Treatment differences in pulmonary arterial hypertension management

Bradley A Maron 1, John J Ryan 2
PMCID: PMC5210068  PMID: 28090308

Editor:

We read with interest the survey-based study by Preston and colleagues1 reporting on physician adherence to clinical guidelines for the diagnosis of pulmonary arterial hypertension (PAH) and international trends in the treatment of patients. Their findings illustrate underutilization of right heart catheterization for diagnosing PAH and demonstrate important regional differences in implementation of PAH-specific therapy.

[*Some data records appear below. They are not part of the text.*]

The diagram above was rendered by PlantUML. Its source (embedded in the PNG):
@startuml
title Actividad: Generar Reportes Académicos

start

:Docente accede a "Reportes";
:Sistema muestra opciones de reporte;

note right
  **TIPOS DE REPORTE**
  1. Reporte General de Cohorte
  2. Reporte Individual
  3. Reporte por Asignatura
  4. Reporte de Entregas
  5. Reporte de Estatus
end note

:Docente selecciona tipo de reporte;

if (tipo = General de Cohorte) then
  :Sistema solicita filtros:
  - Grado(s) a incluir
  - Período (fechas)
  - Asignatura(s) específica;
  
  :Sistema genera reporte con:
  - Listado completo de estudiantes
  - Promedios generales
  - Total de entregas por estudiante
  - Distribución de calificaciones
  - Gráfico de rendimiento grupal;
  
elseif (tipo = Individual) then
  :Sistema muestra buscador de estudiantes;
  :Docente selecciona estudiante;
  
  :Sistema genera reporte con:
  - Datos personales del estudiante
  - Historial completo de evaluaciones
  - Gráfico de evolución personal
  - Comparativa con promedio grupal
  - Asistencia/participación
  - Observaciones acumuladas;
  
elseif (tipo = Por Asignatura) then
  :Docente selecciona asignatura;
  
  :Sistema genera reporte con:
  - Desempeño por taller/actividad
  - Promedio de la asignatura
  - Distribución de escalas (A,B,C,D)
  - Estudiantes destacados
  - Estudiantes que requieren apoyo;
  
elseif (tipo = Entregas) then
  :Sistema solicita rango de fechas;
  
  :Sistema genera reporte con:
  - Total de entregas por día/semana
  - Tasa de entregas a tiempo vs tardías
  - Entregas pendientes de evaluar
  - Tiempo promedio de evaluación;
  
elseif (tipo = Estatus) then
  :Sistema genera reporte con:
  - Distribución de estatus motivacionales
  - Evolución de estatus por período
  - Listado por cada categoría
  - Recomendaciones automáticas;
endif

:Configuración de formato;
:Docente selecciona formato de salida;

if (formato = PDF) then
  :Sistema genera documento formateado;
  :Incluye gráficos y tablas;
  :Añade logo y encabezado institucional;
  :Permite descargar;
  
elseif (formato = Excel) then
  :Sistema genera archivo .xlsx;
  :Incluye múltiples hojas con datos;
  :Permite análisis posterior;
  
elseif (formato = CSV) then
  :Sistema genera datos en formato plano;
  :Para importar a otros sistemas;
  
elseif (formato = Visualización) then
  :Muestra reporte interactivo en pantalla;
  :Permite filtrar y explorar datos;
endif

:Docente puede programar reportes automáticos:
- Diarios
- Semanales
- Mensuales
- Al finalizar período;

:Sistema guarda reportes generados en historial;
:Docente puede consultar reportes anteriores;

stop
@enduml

We note the opening statement of the “Discussion” section, which suggests that these findings are from the first physician-based perception study characterizing similarities and differences in the diagnosis and management of PAH globally. In our view, this omits important contributions on the topic published elsewhere.2-4 For example, we reported findings from a survey completed by 105 expert PAH clinicians practicing in 25 different countries.5 In that study, wide variability in PAH drug preference and deviation from expert consensus guidelines for PAH diagnosis were observed across the entire study cohort and, specifically, between US and non-US respondents. Findings from Preston and colleagues and our report are consistent in demonstrating persistent misconceptions among practitioners regarding requirements for diagnosing and treating PAH, which has also been reported widely using alternative research methods.6,7 Despite this sizeable literature, the precise factors that contribute to treatment differences and practice guideline nonadherence remain incompletely characterized. Indeed, addressing this unanswered question would seem necessary for determining the extent to which practice variability is a modifiable contributor to adverse outcome in PAH.

References

  • 1.Preston IR, Hinzmann B, Heinz S, Gall H, Jenkins D, Kim NH, Lang I. An international physician survey of pulmonary arterial hypertension management. Pulm Circ 2016;6(3):338–346. [DOI] [PMC free article] [PubMed]
  • 2.Taichman DB, McGoon MD, Harhay MO, Archer-Chicko C, Sager JS, Murugappan M, Chakinali MM, Palevsky HI, Gallop R. Wide variation in clinicians’ assessment of New York Heart Association/World Health Organization functional class in patients with pulmonary arterial hypertension. Mayo Clin Proc 2009;84(7):586–592. [DOI] [PMC free article] [PubMed]
  • 3.Borrie AE, Ostrow DN, Levy RD, Swiston JR. Assessing response to therapy in idiopathic pulmonary arterial hypertension: a consensus survey of Canadian pulmonary hypertension physicians. Can Respir J 2011;18(4):230–234. [DOI] [PMC free article] [PubMed]
  • 4.Avouac J, Huscher D, Furst DE, Opitz CF, Distler O, Allanore Y. Expert consensus for performing right heart catheterisation for suspected pulmonary arterial hypertension in systemic sclerosis: a Delphi consensus study with cluster analysis. Ann Rheum Dis 2013;73(1):191–197. [DOI] [PubMed]
  • 5.Ryan JJ, Butrous G, Maron BA. The heterogeneity of clinical practice patterns among an international cohort of pulmonary arterial hypertension experts. Pulm Circ 2014;4(3):441–451. [DOI] [PMC free article] [PubMed]
  • 6.Maron BA, Choudhary G, Khan UA, Jankowich MD, McChesney H, Ferrazzani SJ, Gaddam S, et al. Clinical profile and underdiagnosis of pulmonary hypertension in US veteran patients. Circ Heart Fail 2013;6(5):906–912. [DOI] [PMC free article] [PubMed]
  • 7.Ryan JJ, Rich JD, Thiruvoipati T, Swamy R, Kim GH, Rich S. Current practice for determining pulmonary capillary wedge pressure predisposes to serious errors in the classification of patients with pulmonary hypertension. Am Heart J 2012;163(4):589–594. [DOI] [PubMed]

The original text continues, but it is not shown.